┌──
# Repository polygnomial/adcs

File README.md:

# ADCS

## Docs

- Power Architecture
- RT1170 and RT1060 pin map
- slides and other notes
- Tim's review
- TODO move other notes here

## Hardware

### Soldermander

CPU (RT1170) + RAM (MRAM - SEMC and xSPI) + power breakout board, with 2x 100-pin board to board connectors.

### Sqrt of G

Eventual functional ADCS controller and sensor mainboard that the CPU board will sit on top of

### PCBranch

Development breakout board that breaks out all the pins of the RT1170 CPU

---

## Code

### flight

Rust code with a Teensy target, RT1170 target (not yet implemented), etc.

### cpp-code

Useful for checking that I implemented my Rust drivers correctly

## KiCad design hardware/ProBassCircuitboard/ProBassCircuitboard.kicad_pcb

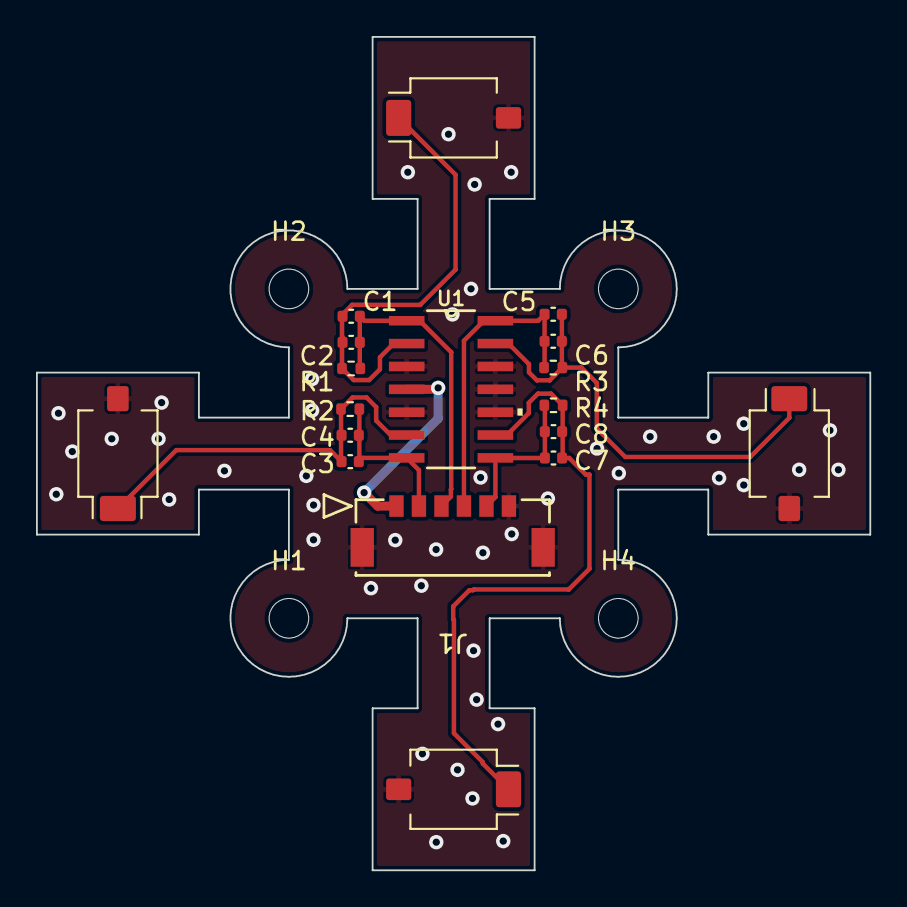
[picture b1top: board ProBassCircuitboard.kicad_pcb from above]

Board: 2 copper layers, 46.3 x 46.3 mm, 22 parts (0 on the bottom side), 10 nets.

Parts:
C1, C3, C5, C7: 1nF; C_0402_1005Metric
C2, C4, C6, C8: 100nF; C_0402_1005Metric
D1, D2, D3, D4: SFH2430; Osram_SFH2430
H1, H2, H3, H4: MountingHole_Pad; MountingHole_2.2mm_M2
J1: 5055670631; CON_5055670631
R1, R2, R3, R4: 3.9k; R_0402_1005Metric
U1: LTC2052IS_PBF; SO-14_S

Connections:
+3V3: J1.1, U1.4 (V+)
/OUT1: C1.2, C2.2, J1.3, R1.2, U1.1 (OUTA)
/OUT2: C3.2, C4.2, J1.2, R2.2, U1.7 (OUTB)
/OUT3: C7.2, C8.2, J1.5, R4.2, U1.8 (OUTC)
/OUT4: C5.2, C6.2, J1.4, R3.2, U1.14 (OUTD)
/Photodiode 1/IN-: C1.1, C2.1, D1.1 (K), R1.1, U1.2 (-INA)
/Photodiode 2/IN-: C3.1, C4.1, D2.1 (K), R2.1, U1.6 (-INB)
/Photodiode 3/IN-: C7.1, C8.1, D4.1 (K), R4.1, U1.9 (-INC)
/Photodiode 4/IN-: C5.1, C6.1, D3.1 (K), R3.1, U1.13 (-IND)
GND: D1.2 (A), D2.2 (A), D3.2 (A), D4.2 (A), J1.6, J1.7 (Shield), J1.8 (Shield), U1.3 (+INA), U1.5 (+INB), U1.10 (+INC), U1.11 (V-), U1.12 (+IND)

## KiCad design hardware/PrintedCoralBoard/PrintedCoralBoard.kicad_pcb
└──
* [YOUR GOAL]
Write the records out again in full, exactly, and skip every picture.

* [TASK RESPONSE]
# Repository polygnomial/adcs

File README.md:

# ADCS

## Docs

- Power Architecture
- RT1170 and RT1060 pin map
- slides and other notes
- Tim's review
- TODO move other notes here

## Hardware

### Soldermander

CPU (RT1170) + RAM (MRAM - SEMC and xSPI) + power breakout board, with 2x 100-pin board to board connectors.

### Sqrt of G

Eventual functional ADCS controller and sensor mainboard that the CPU board will sit on top of

### PCBranch

Development breakout board that breaks out all the pins of the RT1170 CPU

---

## Code

### flight

Rust code with a Teensy target, RT1170 target (not yet implemented), etc.

### cpp-code

Useful for checking that I implemented my Rust drivers correctly

## KiCad design hardware/ProBassCircuitboard/ProBassCircuitboard.kicad_pcb

[picture b1top: board ProBassCircuitboard.kicad_pcb from above]

Board: 2 copper layers, 46.3 x 46.3 mm, 22 parts (0 on the bottom side), 10 nets.

Parts:
C1, C3, C5, C7: 1nF; C_0402_1005Metric
C2, C4, C6, C8: 100nF; C_0402_1005Metric
D1, D2, D3, D4: SFH2430; Osram_SFH2430
H1, H2, H3, H4: MountingHole_Pad; MountingHole_2.2mm_M2
J1: 5055670631; CON_5055670631
R1, R2, R3, R4: 3.9k; R_0402_1005Metric
U1: LTC2052IS_PBF; SO-14_S

Connections:
+3V3: J1.1, U1.4 (V+)
/OUT1: C1.2, C2.2, J1.3, R1.2, U1.1 (OUTA)
/OUT2: C3.2, C4.2, J1.2, R2.2, U1.7 (OUTB)
/OUT3: C7.2, C8.2, J1.5, R4.2, U1.8 (OUTC)
/OUT4: C5.2, C6.2, J1.4, R3.2, U1.14 (OUTD)
/Photodiode 1/IN-: C1.1, C2.1, D1.1 (K), R1.1, U1.2 (-INA)
/Photodiode 2/IN-: C3.1, C4.1, D2.1 (K), R2.1, U1.6 (-INB)
/Photodiode 3/IN-: C7.1, C8.1, D4.1 (K), R4.1, U1.9 (-INC)
/Photodiode 4/IN-: C5.1, C6.1, D3.1 (K), R3.1, U1.13 (-IND)
GND: D1.2 (A), D2.2 (A), D3.2 (A), D4.2 (A), J1.6, J1.7 (Shield), J1.8 (Shield), U1.3 (+INA), U1.5 (+INB), U1.10 (+INC), U1.11 (V-), U1.12 (+IND)

## KiCad design hardware/PrintedCoralBoard/PrintedCoralBoard.kicad_pcb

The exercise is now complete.